> _HOW TO COMPLETE THIS TASK_
Go line by line through the data below and count those that hold "drawn". Return only the number.

> _EXERCISE MATERIAL_
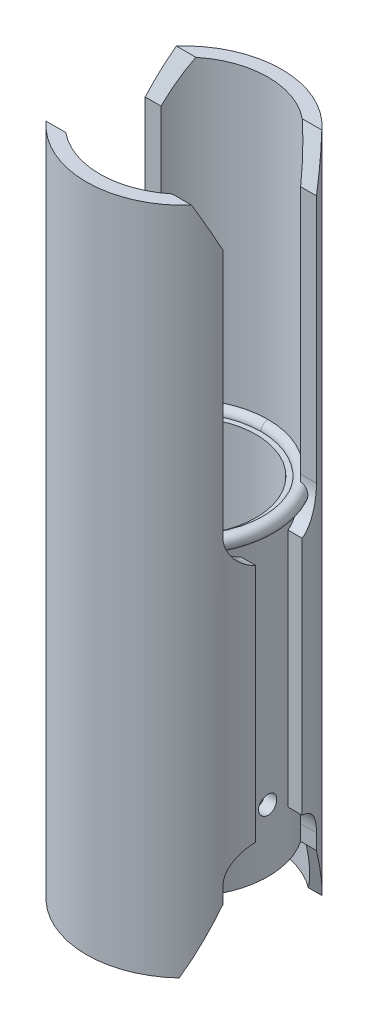
from build123d import *
from build123d.topology import SkipClean

# Parameters (mm, degrees)
ESQUISSE1_R                   = 17.963
ESQUISSE1_R_2                 = 15.4
BOSS_EXTRU_1_DEPTH            = 40.144083067
CHANFREIN1_SIZE               = 2
ESQUISSE7_R                   = 17.963
BOSS_EXTRU_4_DEPTH            = 25
ESQUISSE8_R                   = 15.4
ENL_V_MAT_EXTRU_3_DEPTH       = 48.506695773
BOSS_EXTRU_5_DEPTH            = 130
ENL_V_MAT_EXTRU_8_DEPTH       = 134.304428503
ENL_V_MAT_EXTRU_8_DEPTH_BACK  = 134.304428503
ENL_V_MAT_EXTRU_9_DEPTH       = 130
ENL_V_MAT_EXTRU_9_DEPTH_BACK  = 130
ESQUISSE21_R                  = 17.963
ESQUISSE21_R_2                = 15.25
BOSS_EXTRU_6_DEPTH            = 65.144083
ESQUISSE22_R                  = 1.95
ENL_V_MAT_EXTRU_10_DEPTH      = 64
ESQUISSE23_R                  = 1.95
ENL_V_MAT_EXTRU_11_DEPTH      = 64
R_P_TITION_LIN_AIRE2_COUNT    = 2
R_P_TITION_LIN_AIRE2_PITCH    = 16
CONG_2_R                      = 7
ESQUISSE11_R                  = 1.5
ESQUISSE24_R                  = 20.85750055
BOSS_EXTRU_10_DEPTH           = 13
ESQUISSE26_R                  = 15.25
ENL_V_MAT_EXTRU_12_DEPTH      = 134.304428631
ENL_V_MAT_EXTRU_13_DEPTH      = 134.304428631
ENL_V_MAT_EXTRU_13_DEPTH_BACK = 134.304428631
ESQUISSE29_R                  = 19
ENL_V_MAT_EXTRU_14_DEPTH      = 13
ENL_V_MAT_EXTRU_15_DEPTH      = 134.210625299
ENL_V_MAT_EXTRU_15_DEPTH_BACK = 134.210625299
ESQUISSE30_R                  = 15.4


with BuildPart() as part:
    # Esquisse1 → Boss.-Extru.1 (new body)
    with BuildSketch(Plane(origin=(0, 0, 0), x_dir=(1, 0, 0), z_dir=(0, 1, 0))):
        with Locations(Location((0, 0, 0), (0, 0, 270))):
            Circle(ESQUISSE1_R)
        with Locations(Location((0, 0, 0), (0, 0, 270))):
            Circle(ESQUISSE1_R_2, mode=Mode.SUBTRACT)
    extrude(amount=BOSS_EXTRU_1_DEPTH)

    # Chanfrein1
    chanfrein1_edges = [part.edges().sort_by_distance(p)[0] for p in [
        (0, 0, -17.963),
    ]]
    chamfer(chanfrein1_edges, length=CHANFREIN1_SIZE)

    # Esquisse7 → Boss.-Extru.4 (add)
    with BuildSketch(Plane(origin=(0, 40.144083067, 0), x_dir=(1, 0, 0), z_dir=(0, 1, 0))):
        with Locations(Location((0, 0, 0), (0, 0, 270))):
            Circle(ESQUISSE7_R)
    extrude(amount=BOSS_EXTRU_4_DEPTH)

    # Esquisse8 → Enlèv. mat.-Extru.3 (cut, through all)
    with BuildSketch(Plane.XZ.offset(-40.144083067)):
        with Locations(Location((0, 0, 0), (0, 0, 270))):
            Circle(ESQUISSE8_R)
    extrude(amount=-ENL_V_MAT_EXTRU_3_DEPTH, mode=Mode.SUBTRACT)

    # Esquisse10 → Boss.-Extru.5 (add)
    with BuildSketch(Plane(origin=(0, 0, 0), x_dir=(1, 0, 0), z_dir=(0, 1, 0))):
        with BuildLine():
            Line((20.85750055, 0), (17.963, 0))
            ThreePointArc((17.963, 0), (0, -17.963), (-17.963, 0))
            Line((-17.963, 0), (-20.85750055, 0))
            ThreePointArc((-20.85750055, 0), (0, -20.85750055), (20.85750055, 0))
        make_face()
    boss_extru_5 = extrude(amount=BOSS_EXTRU_5_DEPTH)

    # Symétrie3: Boss.-Extru.5 across plane
    with SkipClean():  # the faces are left unmerged after this step: merging them gives an invalid solid
        add(boss_extru_5.mirror(Plane.XY))

    # Esquisse18 → Enlèv. mat.-Extru.8 (cut, two sides: drawn at the far end of the back side and taken through both)
    with SkipClean():  # the faces are left unmerged after this step: merging them gives an invalid solid
        with BuildSketch(Plane(origin=(0, 0, 0), x_dir=(0, 0, -1), z_dir=(1, 0, 0)).offset(-ENL_V_MAT_EXTRU_8_DEPTH_BACK)):
            Polygon((-10, 121.154286311), (-13.911254963, 130), (13.911254963, 130), (10, 121.154286311), (10, 61.262819373), (-10, 61.262819373), align=None)
        extrude(amount=ENL_V_MAT_EXTRU_8_DEPTH + ENL_V_MAT_EXTRU_8_DEPTH_BACK, mode=Mode.SUBTRACT)

    # Esquisse20 → Enlèv. mat.-Extru.9 (cut, two sides: drawn at the far end of the back side and taken through both)
    with BuildSketch(Plane(origin=(0, 0, 0), x_dir=(0, 0, -1), z_dir=(1, 0, 0)).offset(-ENL_V_MAT_EXTRU_9_DEPTH_BACK)):
        Polygon((-5, 61.262819373), (5, 61.262819373), (5, 10.002819373), (10, 10.002819373), (10, 0), (-10, 0), (-10, 10.002819373), (-5, 10.002819373), align=None)
    extrude(amount=ENL_V_MAT_EXTRU_9_DEPTH + ENL_V_MAT_EXTRU_9_DEPTH_BACK, mode=Mode.SUBTRACT)


with BuildPart() as enl_v_mat_extru_9_piece_1:
    # of the separate pieces the step leaves, piece 1, a body of its own (enl_v_mat_extru_9_pieces)
    add(part.part.solids().sort_by_distance((-18.303970313, 0, -10))[0])



with BuildPart() as enl_v_mat_extru_9_piece_2:
    # of the separate pieces the step leaves, piece 2, a body of its own (enl_v_mat_extru_9_pieces)
    add(part.part.solids().sort_by_distance((-15.540666477, 130, 13.911254963))[0])


with BuildPart() as enl_v_mat_extru_9_piece_1_1:
    with SkipClean():  # the faces are left unmerged after this step: merging them gives an invalid solid
        add(enl_v_mat_extru_9_piece_1.part)

        add(enl_v_mat_extru_9_piece_2.part)  # Boss.-Extru.6 merges Enlèv. mat.-Extru.9 piece 2
        # Esquisse21 → Boss.-Extru.6 (add)
        with BuildSketch(Plane(origin=(0, 0, 0), x_dir=(1, 0, 0), z_dir=(0, 1, 0))):
            Circle(ESQUISSE21_R)
            with Locations(Location((0, 0, 0), (0, 0, 270))):
                Circle(ESQUISSE21_R_2, mode=Mode.SUBTRACT)
        extrude(amount=BOSS_EXTRU_6_DEPTH)

    # Esquisse22 → Enlèv. mat.-Extru.10 (cut)
    with SkipClean():  # the faces are left unmerged after this step: merging them gives an invalid solid
        with BuildSketch(Plane(origin=(0, 0, 0), x_dir=(0, 0, -1), z_dir=(1, 0, 0))):
            with Locations((0, 5)):
                Circle(ESQUISSE22_R)
        enl_v_mat_extru_10 = extrude(amount=-ENL_V_MAT_EXTRU_10_DEPTH, mode=Mode.SUBTRACT)

    # Esquisse23 → Enlèv. mat.-Extru.11 (cut)
    with SkipClean():  # the faces are left unmerged after this step: merging them gives an invalid solid
        with BuildSketch(Plane(origin=(0, 0, 0), x_dir=(0, 0, -1), z_dir=(1, 0, 0))):
            with Locations(Location((0, 13.3, 0), (0, 0, 180))):
                Circle(ESQUISSE23_R)
        extrude(amount=ENL_V_MAT_EXTRU_11_DEPTH, mode=Mode.SUBTRACT)

    # Répétition linéaire2: Enlèv. mat.-Extru.10 ×2
    with SkipClean():  # the faces are left unmerged after this step: merging them gives an invalid solid
        with Locations(*[(0, i * R_P_TITION_LIN_AIRE2_PITCH, 0) for i in range(1, R_P_TITION_LIN_AIRE2_COUNT)]):
            add(enl_v_mat_extru_10, mode=Mode.SUBTRACT)

    # Congé2
    # the kernel refuses this fillet: 7 mm, written as the material it adds along each edge
    with BuildSketch(Plane(origin=(-35.074480144, 61.262819373, 10), x_dir=(0, 1, 0), z_dir=(1, 0, 0))) as cong_2_piece_1_section:
        with BuildLine():
            CenterArc((6.708203932, -7), CONG_2_R, 90, 73.398450401)
            Line((0, -5), (-0.134164079, -4.96))
            ThreePointArc((-0.134164079, -4.96), (-0.14, -2.5), (-0.14, 0))
            Line((-0.14, 0), (0, 0.14))
            Line((0, 0.14), (6.708203932, 0.14))
            Line((6.708203932, 0.14), (6.708203932, 0))
        make_face()
    cong_2_piece_1 = extrude(amount=36.922879903, mode=Mode.PRIVATE)
    cong_2_piece_1 = cong_2_piece_1 & Plane(origin=(0, 62.883538638, 0), x_dir=(-1, 0, 0), z_dir=(0, -1, 0)) * Cylinder(20.85750055, 101, mode=Mode.PRIVATE)
    cong_2_piece_1 = cong_2_piece_1 - Plane(origin=(0, 62.883538638, 0), x_dir=(1, 0, 0), z_dir=(0, -1, 0)) * Cylinder(17.963, 101, mode=Mode.PRIVATE)
    add(cong_2_piece_1)
    with BuildSketch(Plane(origin=(-1.848399759, 61.262819373, 10), x_dir=(0, 0, -1), z_dir=(1, 0, 0))) as cong_2_piece_2_section:
        with BuildLine():
            CenterArc((7, 6.708203932), CONG_2_R, 180, 73.398450401)
            Line((0, 6.708203932), (-0.14, 6.708203932))
            Line((-0.14, 6.708203932), (-0.14, 0))
            Line((-0.14, 0), (0, -0.14))
            ThreePointArc((0, -0.14), (2.5, -0.14), (4.96, -0.134164079))
            Line((4.96, -0.134164079), (5, 0))
        make_face()
    cong_2_piece_2 = extrude(amount=36.922879903, mode=Mode.PRIVATE)
    cong_2_piece_2 = cong_2_piece_2 & Plane(origin=(0, 62.883538658, 0), x_dir=(-1, 0, 0), z_dir=(0, -1, 0)) * Cylinder(20.85750055, 101, mode=Mode.PRIVATE)
    cong_2_piece_2 = cong_2_piece_2 - Plane(origin=(0, 62.883538658, 0), x_dir=(1, 0, 0), z_dir=(0, -1, 0)) * Cylinder(17.963, 101, mode=Mode.PRIVATE)
    add(cong_2_piece_2)
    with BuildSketch(Plane(origin=(-1.848399759, 61.262819373, -10), x_dir=(0, 0, 1), z_dir=(1, 0, 0))) as cong_2_piece_3_section:
        with BuildLine():
            CenterArc((7, -6.708203932), CONG_2_R, 106.601549599, 73.398450401)
            Line((0, -6.708203932), (-0.14, -6.708203932))
            Line((-0.14, -6.708203932), (-0.14, 0))
            Line((-0.14, 0), (0, 0.14))
            ThreePointArc((0, 0.14), (2.5, 0.14), (4.96, 0.134164079))
            Line((4.96, 0.134164079), (5, 0))
        make_face()
    cong_2_piece_3 = extrude(amount=36.922879903, mode=Mode.PRIVATE)
    cong_2_piece_3 = cong_2_piece_3 & Plane(origin=(0, 62.883538748, 0), x_dir=(-1, 0, 0), z_dir=(0, -1, 0)) * Cylinder(20.85750055, 101, mode=Mode.PRIVATE)
    cong_2_piece_3 = cong_2_piece_3 - Plane(origin=(0, 62.883538748, 0), x_dir=(1, 0, 0), z_dir=(0, -1, 0)) * Cylinder(17.963, 101, mode=Mode.PRIVATE)
    add(cong_2_piece_3)
    with BuildSketch(Plane(origin=(-35.074480144, 61.262819373, -10), x_dir=(0, 0, 1), z_dir=(1, 0, 0))) as cong_2_piece_4_section:
        with BuildLine():
            CenterArc((7, -6.708203932), CONG_2_R, 106.601549599, 73.398450401)
            Line((0, -6.708203932), (-0.14, -6.708203932))
            Line((-0.14, -6.708203932), (-0.14, 0))
            Line((-0.14, 0), (0, 0.14))
            ThreePointArc((0, 0.14), (2.5, 0.14), (4.96, 0.134164079))
            Line((4.96, 0.134164079), (5, 0))
        make_face()
    cong_2_piece_4 = extrude(amount=36.922879903, mode=Mode.PRIVATE)
    cong_2_piece_4 = cong_2_piece_4 & Plane(origin=(0, 62.883538616, 0), x_dir=(-1, 0, 0), z_dir=(0, -1, 0)) * Cylinder(20.85750055, 101, mode=Mode.PRIVATE)
    cong_2_piece_4 = cong_2_piece_4 - Plane(origin=(0, 62.883538616, 0), x_dir=(1, 0, 0), z_dir=(0, -1, 0)) * Cylinder(17.963, 101, mode=Mode.PRIVATE)
    add(cong_2_piece_4)
    with BuildSketch(Plane(origin=(1.848399759, 10.002819373, -10), x_dir=(0, -1, 0), z_dir=(-1, 0, 0))) as cong_2_piece_5_section:
        with BuildLine():
            CenterArc((6.708203932, 7), CONG_2_R, 196.601549599, 73.398450401)
            Line((0, 5), (-0.134164079, 4.96))
            ThreePointArc((-0.134164079, 4.96), (-0.14, 2.5), (-0.14, 0))
            Line((-0.14, 0), (0, -0.14))
            Line((0, -0.14), (6.708203932, -0.14))
            Line((6.708203932, -0.14), (6.708203932, 0))
        make_face()
    cong_2_piece_5 = extrude(amount=36.922879903, mode=Mode.PRIVATE)
    cong_2_piece_5 = cong_2_piece_5 - Plane(origin=(0, 8.382100154, 0), x_dir=(1, 0, 0), z_dir=(0, -1, 0)) * Cylinder(17.963, 101, mode=Mode.PRIVATE)
    cong_2_piece_5 = cong_2_piece_5 & Plane(origin=(0, 8.382100154, 0), x_dir=(-1, 0, 0), z_dir=(0, -1, 0)) * Cylinder(20.85750055, 101, mode=Mode.PRIVATE)
    add(cong_2_piece_5)
    with BuildSketch(Plane(origin=(35.074480144, 10.002819373, -10), x_dir=(0, -1, 0), z_dir=(-1, 0, 0))) as cong_2_piece_6_section:
        with BuildLine():
            CenterArc((6.708203932, 7), CONG_2_R, 196.601549599, 73.398450401)
            Line((0, 5), (-0.134164079, 4.96))
            ThreePointArc((-0.134164079, 4.96), (-0.14, 2.5), (-0.14, 0))
            Line((-0.14, 0), (0, -0.14))
            Line((0, -0.14), (6.708203932, -0.14))
            Line((6.708203932, -0.14), (6.708203932, 0))
        make_face()
    cong_2_piece_6 = extrude(amount=36.922879903, mode=Mode.PRIVATE)
    cong_2_piece_6 = cong_2_piece_6 - Plane(origin=(0, 8.38209993, 0), x_dir=(1, 0, 0), z_dir=(0, -1, 0)) * Cylinder(17.963, 101, mode=Mode.PRIVATE)
    cong_2_piece_6 = cong_2_piece_6 & Plane(origin=(0, 8.38209993, 0), x_dir=(-1, 0, 0), z_dir=(0, -1, 0)) * Cylinder(20.85750055, 101, mode=Mode.PRIVATE)
    add(cong_2_piece_6)
    with BuildSketch(Plane(origin=(-1.848399759, 10.002819373, 10), x_dir=(0, -1, 0), z_dir=(1, 0, 0))) as cong_2_piece_7_section:
        with BuildLine():
            CenterArc((6.708203932, 7), CONG_2_R, 196.601549599, 73.398450401)
            Line((0, 5), (-0.134164079, 4.96))
            ThreePointArc((-0.134164079, 4.96), (-0.14, 2.5), (-0.14, 0))
            Line((-0.14, 0), (0, -0.14))
            Line((0, -0.14), (6.708203932, -0.14))
            Line((6.708203932, -0.14), (6.708203932, 0))
        make_face()
    cong_2_piece_7 = extrude(amount=36.922879903, mode=Mode.PRIVATE)
    cong_2_piece_7 = cong_2_piece_7 & Plane(origin=(0, 8.382100073, 0), x_dir=(-1, 0, 0), z_dir=(0, -1, 0)) * Cylinder(20.85750055, 101, mode=Mode.PRIVATE)
    cong_2_piece_7 = cong_2_piece_7 - Plane(origin=(0, 8.382100073, 0), x_dir=(1, 0, 0), z_dir=(0, -1, 0)) * Cylinder(17.963, 101, mode=Mode.PRIVATE)
    add(cong_2_piece_7)
    with BuildSketch(Plane(origin=(-35.074480144, 10.002819373, 10), x_dir=(0, 0, -1), z_dir=(1, 0, 0))) as cong_2_piece_8_section:
        with BuildLine():
            CenterArc((7, -6.708203932), CONG_2_R, 106.601549599, 73.398450401)
            Line((0, -6.708203932), (-0.14, -6.708203932))
            Line((-0.14, -6.708203932), (-0.14, 0))
            Line((-0.14, 0), (0, 0.14))
            ThreePointArc((0, 0.14), (2.5, 0.14), (4.96, 0.134164079))
            Line((4.96, 0.134164079), (5, 0))
        make_face()
    cong_2_piece_8 = extrude(amount=36.922879903, mode=Mode.PRIVATE)
    cong_2_piece_8 = cong_2_piece_8 & Plane(origin=(0, 8.382100055, 0), x_dir=(-1, 0, 0), z_dir=(0, -1, 0)) * Cylinder(20.85750055, 101, mode=Mode.PRIVATE)
    cong_2_piece_8 = cong_2_piece_8 - Plane(origin=(0, 8.382100055, 0), x_dir=(1, 0, 0), z_dir=(0, -1, 0)) * Cylinder(17.963, 101, mode=Mode.PRIVATE)
    add(cong_2_piece_8)

    # Balayage3: sweep along a curve in space
    with BuildLine() as balayage3_path:
        ThreePointArc((0, 65.144083067, 15.25), (10.783378413, 65.144083067, 10.783378413), (15.25, 65.144083067, 0))
        ThreePointArc((15.25, 65.144083067, 0), (10.783378413, 65.144083067, -10.783378413), (0, 65.144083067, -15.25))
        ThreePointArc((0, 65.144083067, -15.25), (-10.783378413, 65.144083067, -10.783378413), (-15.25, 65.144083067, 0))
        ThreePointArc((-15.25, 65.144083067, 0), (-10.783378413, 65.144083067, 10.783378413), (0, 65.144083067, 15.25))
    # Esquisse11 → Balayage3 (sweep)
    with BuildSketch(Plane(origin=(0, 0, 0), x_dir=(0, 0, -1), z_dir=(1, 0, 0))):
        with Locations((17.963, 65.144083067)):
            Circle(ESQUISSE11_R)
    sweep(path=balayage3_path.line)

    # Esquisse24 → Boss.-Extru.10 (add)
    with BuildSketch(Plane(origin=(0, 0, 0), x_dir=(1, 0, 0), z_dir=(0, 1, 0))):
        with Locations(Location((0, 0, 0), (0, 0, 41.83337037))):
            Circle(ESQUISSE24_R)
    extrude(amount=-BOSS_EXTRU_10_DEPTH)

    # Esquisse26 → Enlèv. mat.-Extru.12 (cut, through all)
    with BuildSketch(Plane(origin=(0, 0, 0), x_dir=(1, 0, 0), z_dir=(0, 1, 0))):
        with Locations(Location((0, 0, 0), (0, 0, 270))):
            Circle(ESQUISSE26_R)
    extrude(amount=-ENL_V_MAT_EXTRU_12_DEPTH, mode=Mode.SUBTRACT)

    # Esquisse27 → Enlèv. mat.-Extru.13 (cut, two sides: drawn at the far end of the back side and taken through both)
    with BuildSketch(Plane(origin=(0, 0, 0), x_dir=(0, 0, -1), z_dir=(1, 0, 0)).offset(-ENL_V_MAT_EXTRU_13_DEPTH_BACK)):
        Polygon((-10, 0), (-15.25, -13), (15.25, -13), (10, 0), align=None)
    extrude(amount=ENL_V_MAT_EXTRU_13_DEPTH + ENL_V_MAT_EXTRU_13_DEPTH_BACK, mode=Mode.SUBTRACT)

    # Esquisse29 → Enlèv. mat.-Extru.14 (cut)
    with BuildSketch(Plane(origin=(0, 0, 0), x_dir=(1, 0, 0), z_dir=(0, 1, 0))):
        Circle(ESQUISSE29_R)
    extrude(amount=-ENL_V_MAT_EXTRU_14_DEPTH, mode=Mode.SUBTRACT)

    # Esquisse30 → Enlèv. mat.-Extru.15 (cut, two sides: drawn at the far end of the back side and taken through both)
    with BuildSketch(Plane(origin=(0, 0, 0), x_dir=(1, 0, 0), z_dir=(0, 1, 0)).offset(-ENL_V_MAT_EXTRU_15_DEPTH_BACK)):
        with Locations(Location((0, 0, 0), (0, 0, 270))):
            Circle(ESQUISSE30_R)
    extrude(amount=ENL_V_MAT_EXTRU_15_DEPTH + ENL_V_MAT_EXTRU_15_DEPTH_BACK, mode=Mode.SUBTRACT)


solid = enl_v_mat_extru_9_piece_1_1.part

> _RESPONSE FOR THIS EXERCISE_
4